# Saved entries:
--------------------------------------------------

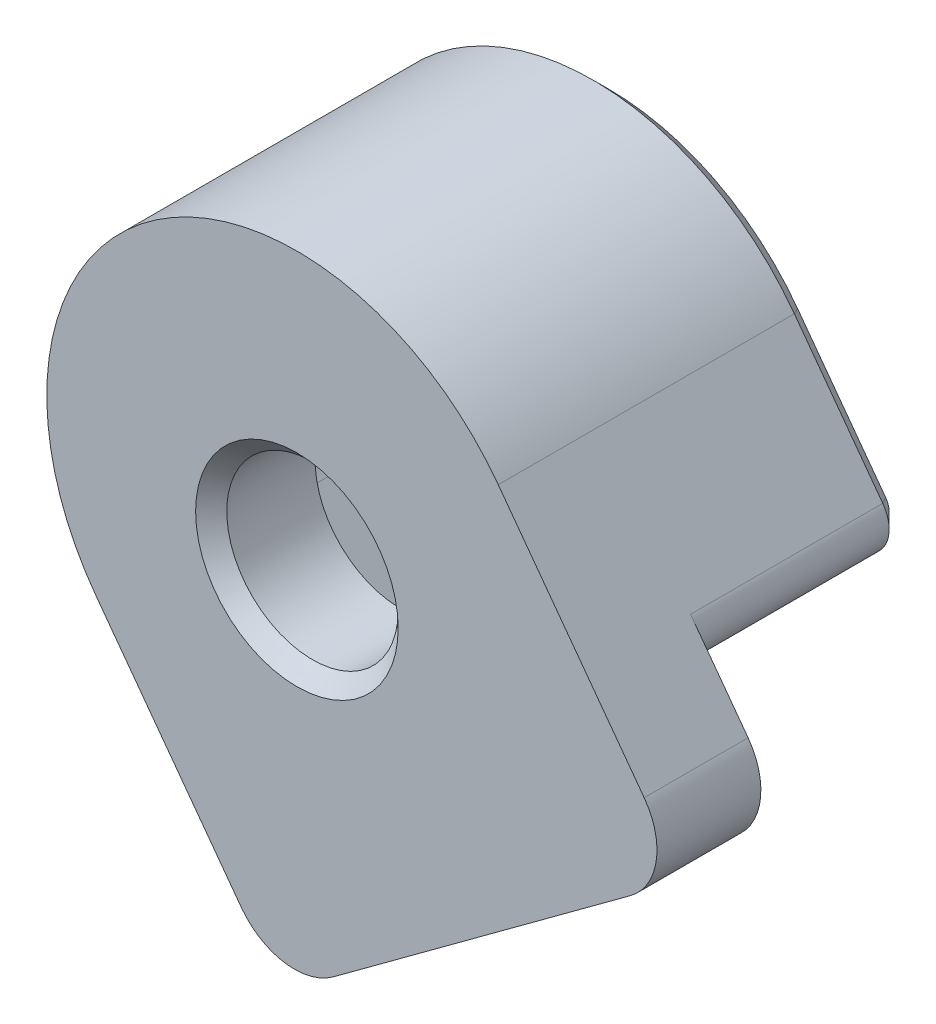
ISO-10303-21;
HEADER;
FILE_DESCRIPTION(('STEP AP214'),'2;1');
FILE_NAME('part.step','',(''),(''),'','','');
FILE_SCHEMA(('AUTOMOTIVE_DESIGN { 1 0 10303 214 1 1 1 1 }'));
ENDSEC;
DATA;
#1=APPLICATION_CONTEXT('core data for automotive mechanical design processes');
#2=APPLICATION_PROTOCOL_DEFINITION('international standard','automotive_design',2000,#1);
#3=PRODUCT_CONTEXT('',#1,'mechanical');
#4=PRODUCT('Part','Part','',(#3));
#5=PRODUCT_RELATED_PRODUCT_CATEGORY('part','',(#4));
#6=PRODUCT_DEFINITION_FORMATION('','',#4);
#7=PRODUCT_DEFINITION_CONTEXT('part definition',#1,'design');
#8=PRODUCT_DEFINITION('design','',#6,#7);
#9=PRODUCT_DEFINITION_SHAPE('','',#8);
#10=(LENGTH_UNIT() NAMED_UNIT(*) SI_UNIT(.MILLI.,.METRE.));
#11=(NAMED_UNIT(*) PLANE_ANGLE_UNIT() SI_UNIT($,.RADIAN.));
#12=(NAMED_UNIT(*) SI_UNIT($,.STERADIAN.) SOLID_ANGLE_UNIT());
#13=UNCERTAINTY_MEASURE_WITH_UNIT(LENGTH_MEASURE(1.E-05),#10,'distance_accuracy_value','');
#14=(GEOMETRIC_REPRESENTATION_CONTEXT(3) GLOBAL_UNCERTAINTY_ASSIGNED_CONTEXT((#13)) GLOBAL_UNIT_ASSIGNED_CONTEXT((#10,
#11,#12)) REPRESENTATION_CONTEXT('',''));
#15=CARTESIAN_POINT('',(0.,0.,0.));
#16=DIRECTION('',(0.,0.,1.));
#17=DIRECTION('',(1.,0.,0.));
#18=AXIS2_PLACEMENT_3D('',#15,#16,#17);
#19=CARTESIAN_POINT('',(-2.40553064477248,-2.97284184121243,-3.85));
#20=DIRECTION('',(0.569292299270593,0.419411823857176,-0.707106781186547));
#21=DIRECTION('',(-0.778926894631639,0.,-0.627114736567011));
#22=AXIS2_PLACEMENT_3D('',#19,#20,#21);
#23=PLANE('',#22);
#24=DIRECTION('',(0.569292299270616,0.419411823857143,0.707106781186548));
#25=VECTOR('',#24,1.);
#26=CARTESIAN_POINT('',(-401745.223635817,-295975.717899002,-499000.));
#27=LINE('',#26,#25);
#28=CARTESIAN_POINT('',(-3.09963842872968,-2.28358087467108,-3.9999999999955));
#29=VERTEX_POINT('',#28);
#30=CARTESIAN_POINT('',(-2.85810816154998,-2.10563950778295,-3.69999999996676));
#31=VERTEX_POINT('',#30);
#32=EDGE_CURVE('E313',#29,#31,#27,.T.);
#33=ORIENTED_EDGE('',*,*,#32,.T.);
#34=DIRECTION('',(-0.593137889518453,0.805100890583034,0.));
#35=VECTOR('',#34,1.);
#36=CARTESIAN_POINT('',(-2.85810816156989,-2.10563950779034,-3.7));
#37=LINE('',#36,#35);
#38=CARTESIAN_POINT('',(-1.15704800032344,-4.41458836262104,-3.70000000000939));
#39=VERTEX_POINT('',#38);
#40=EDGE_CURVE('E278',#39,#31,#37,.T.);
#41=ORIENTED_EDGE('',*,*,#40,.F.);
#42=CARTESIAN_POINT('',(-1.39857826747342,-4.59252972945821,-3.99999999996226));
#43=CARTESIAN_POINT('',(-1.3885145062315,-4.58511550605522,-3.98749999998533));
#44=CARTESIAN_POINT('',(-1.37845074500218,-4.57770128261609,-3.97500000001971));
#45=CARTESIAN_POINT('',(-1.35832322252214,-4.56287283565181,-3.95000000003162));
#46=CARTESIAN_POINT('',(-1.34825946127141,-4.55545861212668,-3.93750000000915));
#47=CARTESIAN_POINT('',(-1.32813193883925,-4.54063016507784,-3.91249999999846));
#48=CARTESIAN_POINT('',(-1.31806817765781,-4.53321594155415,-3.90000000001024));
#49=CARTESIAN_POINT('',(-1.29794065534354,-4.51838749442578,-3.8750000000125));
#50=CARTESIAN_POINT('',(-1.28787689421071,-4.51097327082111,-3.86250000000299));
#51=CARTESIAN_POINT('',(-1.26774937194871,-4.49614482357225,-3.8374999999892));
#52=CARTESIAN_POINT('',(-1.25768561081954,-4.48873059992806,-3.82499999998492));
#53=CARTESIAN_POINT('',(-1.23755808859704,-4.47390215259018,-3.79999999997688));
#54=CARTESIAN_POINT('',(-1.2274943275037,-4.46648792889649,-3.78749999997311));
#55=CARTESIAN_POINT('',(-1.20736680538268,-4.451659481458,-3.7624999999583));
#56=CARTESIAN_POINT('',(-1.19730304435498,-4.4442452577132,-3.74999999994726));
#57=CARTESIAN_POINT('',(-1.17717552233503,-4.42941681019444,-3.72499999996307));
#58=CARTESIAN_POINT('',(-1.16711176134277,-4.42200258642048,-3.71249999998993));
#59=CARTESIAN_POINT('',(-1.15704800033643,-4.41458836263061,-3.70000000003756));
#60=B_SPLINE_CURVE_WITH_KNOTS('',3,(#42,#43,#44,#45,#46,#47,#48,#49,#50,#51,#52,#53,#54,#55,#56,
#57,#58,#59),.UNSPECIFIED.,.F.,.F.,(4,2,2,2,2,2,2,2,4),(0.,0.053033008455504,0.106066017176354,
0.159099025704413,0.212132034296507,0.265165042920962,0.318198051545416,0.371231060137511,
0.424264068625375),.UNSPECIFIED.);
#61=CARTESIAN_POINT('',(-1.39857827143414,-4.59252972410357,-3.99999999996226));
#62=VERTEX_POINT('',#61);
#63=EDGE_CURVE('E294',#62,#39,#60,.T.);
#64=ORIENTED_EDGE('',*,*,#63,.F.);
#65=DIRECTION('',(-0.593137889518453,0.805100890583034,0.));
#66=VECTOR('',#65,1.);
#67=CARTESIAN_POINT('',(-1.39857826749393,-4.59252972947332,-4.));
#68=LINE('',#67,#66);
#69=EDGE_CURVE('E254',#62,#29,#68,.T.);
#70=ORIENTED_EDGE('',*,*,#69,.T.);
#71=EDGE_LOOP('',(#33,#41,#64,#70));
#72=FACE_BOUND('',#71,.T.);
#73=ADVANCED_FACE('F17',(#72),#23,.T.);
#74=CARTESIAN_POINT('',(0.,0.,-3.99999999990541));
#75=DIRECTION('',(0.,0.,-1.));
#76=DIRECTION('',(-1.,0.,0.));
#77=AXIS2_PLACEMENT_3D('',#74,#75,#76);
#78=CONICAL_SURFACE('',#77,3.84999999994307,0.785398163397448);
#79=CARTESIAN_POINT('',(0.,0.,-4.0000000000383));
#80=DIRECTION('',(0.,0.,-1.));
#81=DIRECTION('',(-1.,0.,0.));
#82=AXIS2_PLACEMENT_3D('',#79,#80,#81);
#83=CIRCLE('',#82,3.85000000007595);
#84=CARTESIAN_POINT('',(3.09963842876022,2.28358087465724,-4.00000000001915));
#85=VERTEX_POINT('',#84);
#86=EDGE_CURVE('E253',#29,#85,#83,.T.);
#87=ORIENTED_EDGE('',*,*,#86,.T.);
#88=DIRECTION('',(0.569292299270587,0.419411823857181,-0.707106781186549));
#89=VECTOR('',#88,1.);
#90=CARTESIAN_POINT('',(2.85810816156989,2.10563950779034,-3.7));
#91=LINE('',#90,#89);
#92=CARTESIAN_POINT('',(2.85810816156989,2.10563950779034,-3.7));
#93=VERTEX_POINT('',#92);
#94=EDGE_CURVE('E120',#93,#85,#91,.T.);
#95=ORIENTED_EDGE('',*,*,#94,.F.);
#96=CARTESIAN_POINT('',(0.,0.,-3.7));
#97=DIRECTION('',(0.,0.,-1.));
#98=DIRECTION('',(-1.,0.,0.));
#99=AXIS2_PLACEMENT_3D('',#96,#97,#98);
#100=CIRCLE('',#99,3.55);
#101=EDGE_CURVE('E289',#93,#31,#100,.F.);
#102=ORIENTED_EDGE('',*,*,#101,.T.);
#103=ORIENTED_EDGE('',*,*,#32,.F.);
#104=EDGE_LOOP('',(#87,#95,#102,#103));
#105=FACE_BOUND('',#104,.T.);
#106=ADVANCED_FACE('F375',(#105),#78,.F.);
#107=CARTESIAN_POINT('',(4.40274602221707,0.261904119172411,-3.85));
#108=DIRECTION('',(-0.569292299270594,-0.419411823857174,-0.707106781186547));
#109=DIRECTION('',(-0.778926894631638,0.,0.627114736567012));
#110=AXIS2_PLACEMENT_3D('',#107,#108,#109);
#111=PLANE('',#110);
#112=DIRECTION('',(0.569292299270617,0.419411823857142,-0.707106781186548));
#113=VECTOR('',#112,1.);
#114=CARTESIAN_POINT('',(-401743.764105931,-295978.204789212,499000.));
#115=LINE('',#114,#113);
#116=CARTESIAN_POINT('',(4.55916831493576,-0.20330933631307,-3.7000000000236));
#117=VERTEX_POINT('',#116);
#118=CARTESIAN_POINT('',(4.80069858208017,-0.0253679694886399,-3.9999999999859));
#119=VERTEX_POINT('',#118);
#120=EDGE_CURVE('E112',#117,#119,#115,.T.);
#121=ORIENTED_EDGE('',*,*,#120,.F.);
#122=DIRECTION('',(0.593137889518451,-0.805100890583036,0.));
#123=VECTOR('',#122,1.);
#124=CARTESIAN_POINT('',(4.55916831491986,-0.203309336312746,-3.7));
#125=LINE('',#124,#123);
#126=EDGE_CURVE('E263',#93,#117,#125,.T.);
#127=ORIENTED_EDGE('',*,*,#126,.F.);
#128=ORIENTED_EDGE('',*,*,#94,.T.);
#129=DIRECTION('',(0.593137889518452,-0.805100890583036,0.));
#130=VECTOR('',#129,1.);
#131=CARTESIAN_POINT('',(3.0996384287448,2.28358087464588,-4.));
#132=LINE('',#131,#130);
#133=EDGE_CURVE('E251',#85,#119,#132,.T.);
#134=ORIENTED_EDGE('',*,*,#133,.T.);
#135=EDGE_LOOP('',(#121,#127,#128,#134));
#136=FACE_BOUND('',#135,.T.);
#137=ADVANCED_FACE('F371',(#136),#111,.T.);
#138=CARTESIAN_POINT('',(-1.66595228115761,-4.78951081185811,-3.70000000009441));
#139=DIRECTION('',(0.,0.,1.));
#140=DIRECTION('',(1.,0.,0.));
#141=AXIS2_PLACEMENT_3D('',#138,#139,#140);
#142=CONICAL_SURFACE('',#141,0.632099999932773,0.785398163462924);
#143=ORIENTED_EDGE('',*,*,#63,.T.);
#144=CARTESIAN_POINT('',(-1.66595228115761,-4.78951081185811,-3.7));
#145=DIRECTION('',(0.,0.,-1.));
#146=DIRECTION('',(-1.,0.,0.));
#147=AXIS2_PLACEMENT_3D('',#144,#145,#146);
#148=CIRCLE('',#147,0.632099999999998);
#149=CARTESIAN_POINT('',(-2.17485655409512,-5.16443327182266,-3.69999999999999));
#150=VERTEX_POINT('',#149);
#151=EDGE_CURVE('E241',#150,#39,#148,.F.);
#152=ORIENTED_EDGE('',*,*,#151,.F.);
#153=DIRECTION('',(-0.569292299270606,-0.419411823857158,0.707106781186547));
#154=VECTOR('',#153,1.);
#155=CARTESIAN_POINT('',(-1.93332628692022,-4.98649190496714,-3.99999999999996));
#156=LINE('',#155,#154);
#157=CARTESIAN_POINT('',(-1.93332628693539,-4.98649190497832,-3.99999999998111));
#158=VERTEX_POINT('',#157);
#159=EDGE_CURVE('E145',#158,#150,#156,.T.);
#160=ORIENTED_EDGE('',*,*,#159,.F.);
#161=CARTESIAN_POINT('',(-1.66595228115761,-4.78951081185811,-3.99999999996226));
#162=DIRECTION('',(0.,0.,1.));
#163=DIRECTION('',(1.,0.,0.));
#164=AXIS2_PLACEMENT_3D('',#161,#162,#163);
#165=CIRCLE('',#164,0.332100000025637);
#166=EDGE_CURVE('E256',#158,#62,#165,.T.);
#167=ORIENTED_EDGE('',*,*,#166,.T.);
#168=EDGE_LOOP('',(#143,#152,#160,#167));
#169=FACE_BOUND('',#168,.T.);
#170=ADVANCED_FACE('F302',(#169),#142,.T.);
#171=CARTESIAN_POINT('',(0.,0.,0.));
#172=DIRECTION('',(0.,0.,-1.));
#173=DIRECTION('',(-1.,0.,0.));
#174=AXIS2_PLACEMENT_3D('',#171,#172,#173);
#175=CYLINDRICAL_SURFACE('',#174,3.55);
#176=DIRECTION('',(0.,0.,1.));
#177=VECTOR('',#176,1.);
#178=CARTESIAN_POINT('',(2.85810816156989,2.10563950779034,0.));
#179=LINE('',#178,#177);
#180=CARTESIAN_POINT('',(2.85810816156989,2.10563950779034,0.));
#181=VERTEX_POINT('',#180);
#182=EDGE_CURVE('E269',#181,#93,#179,.F.);
#183=ORIENTED_EDGE('',*,*,#182,.F.);
#184=CARTESIAN_POINT('',(0.,0.,0.));
#185=DIRECTION('',(0.,0.,-1.));
#186=DIRECTION('',(-1.,0.,0.));
#187=AXIS2_PLACEMENT_3D('',#184,#185,#186);
#188=CIRCLE('',#187,3.55);
#189=CARTESIAN_POINT('',(-2.85810816156989,-2.10563950779033,0.));
#190=VERTEX_POINT('',#189);
#191=EDGE_CURVE('E196',#181,#190,#188,.F.);
#192=ORIENTED_EDGE('',*,*,#191,.T.);
#193=DIRECTION('',(0.,0.,1.));
#194=VECTOR('',#193,1.);
#195=CARTESIAN_POINT('',(-2.85810816156989,-2.10563950779034,0.));
#196=LINE('',#195,#194);
#197=EDGE_CURVE('E264',#31,#190,#196,.T.);
#198=ORIENTED_EDGE('',*,*,#197,.F.);
#199=ORIENTED_EDGE('',*,*,#101,.F.);
#200=EDGE_LOOP('',(#183,#192,#198,#199));
#201=FACE_BOUND('',#200,.T.);
#202=ADVANCED_FACE('F300',(#201),#175,.F.);
#203=CARTESIAN_POINT('',(-2.85810816156989,-2.10563950779034,0.));
#204=DIRECTION('',(0.805100890583034,0.593137889518453,0.));
#205=DIRECTION('',(-0.593137889518453,0.805100890583034,0.));
#206=AXIS2_PLACEMENT_3D('',#203,#204,#205);
#207=PLANE('',#206);
#208=DIRECTION('',(0.593137889518403,-0.805100890583071,0.));
#209=VECTOR('',#208,1.);
#210=CARTESIAN_POINT('',(-2.85810816156989,-2.10563950779034,0.));
#211=LINE('',#210,#209);
#212=CARTESIAN_POINT('',(-1.15704800426961,-4.41458835725571,0.));
#213=VERTEX_POINT('',#212);
#214=EDGE_CURVE('E193',#190,#213,#211,.T.);
#215=ORIENTED_EDGE('',*,*,#214,.T.);
#216=DIRECTION('',(0.,0.,-1.));
#217=VECTOR('',#216,1.);
#218=CARTESIAN_POINT('',(-1.15704800031915,-4.41458836261788,0.));
#219=LINE('',#218,#217);
#220=EDGE_CURVE('E228',#39,#213,#219,.F.);
#221=ORIENTED_EDGE('',*,*,#220,.F.);
#222=ORIENTED_EDGE('',*,*,#40,.T.);
#223=ORIENTED_EDGE('',*,*,#197,.T.);
#224=EDGE_LOOP('',(#215,#221,#222,#223));
#225=FACE_BOUND('',#224,.T.);
#226=ADVANCED_FACE('F379',(#225),#207,.T.);
#227=CARTESIAN_POINT('',(0.,-0.5,0.));
#228=DIRECTION('',(0.,0.,1.));
#229=DIRECTION('',(1.,0.,0.));
#230=AXIS2_PLACEMENT_3D('',#227,#228,#229);
#231=CYLINDRICAL_SURFACE('',#230,1.65);
#232=CARTESIAN_POINT('',(0.,-0.5,0.));
#233=DIRECTION('',(0.,0.,1.));
#234=DIRECTION('',(1.,0.,0.));
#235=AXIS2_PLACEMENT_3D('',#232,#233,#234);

--------------------------------------------------

# Task to complete:
Each line that holds the word "CIRCLE" should be extracted from the records.

# Solution to this task:
#83=CIRCLE('',#82,3.85000000007595);
#100=CIRCLE('',#99,3.55);
#148=CIRCLE('',#147,0.632099999999998);
#165=CIRCLE('',#164,0.332100000025637);
#188=CIRCLE('',#187,3.55);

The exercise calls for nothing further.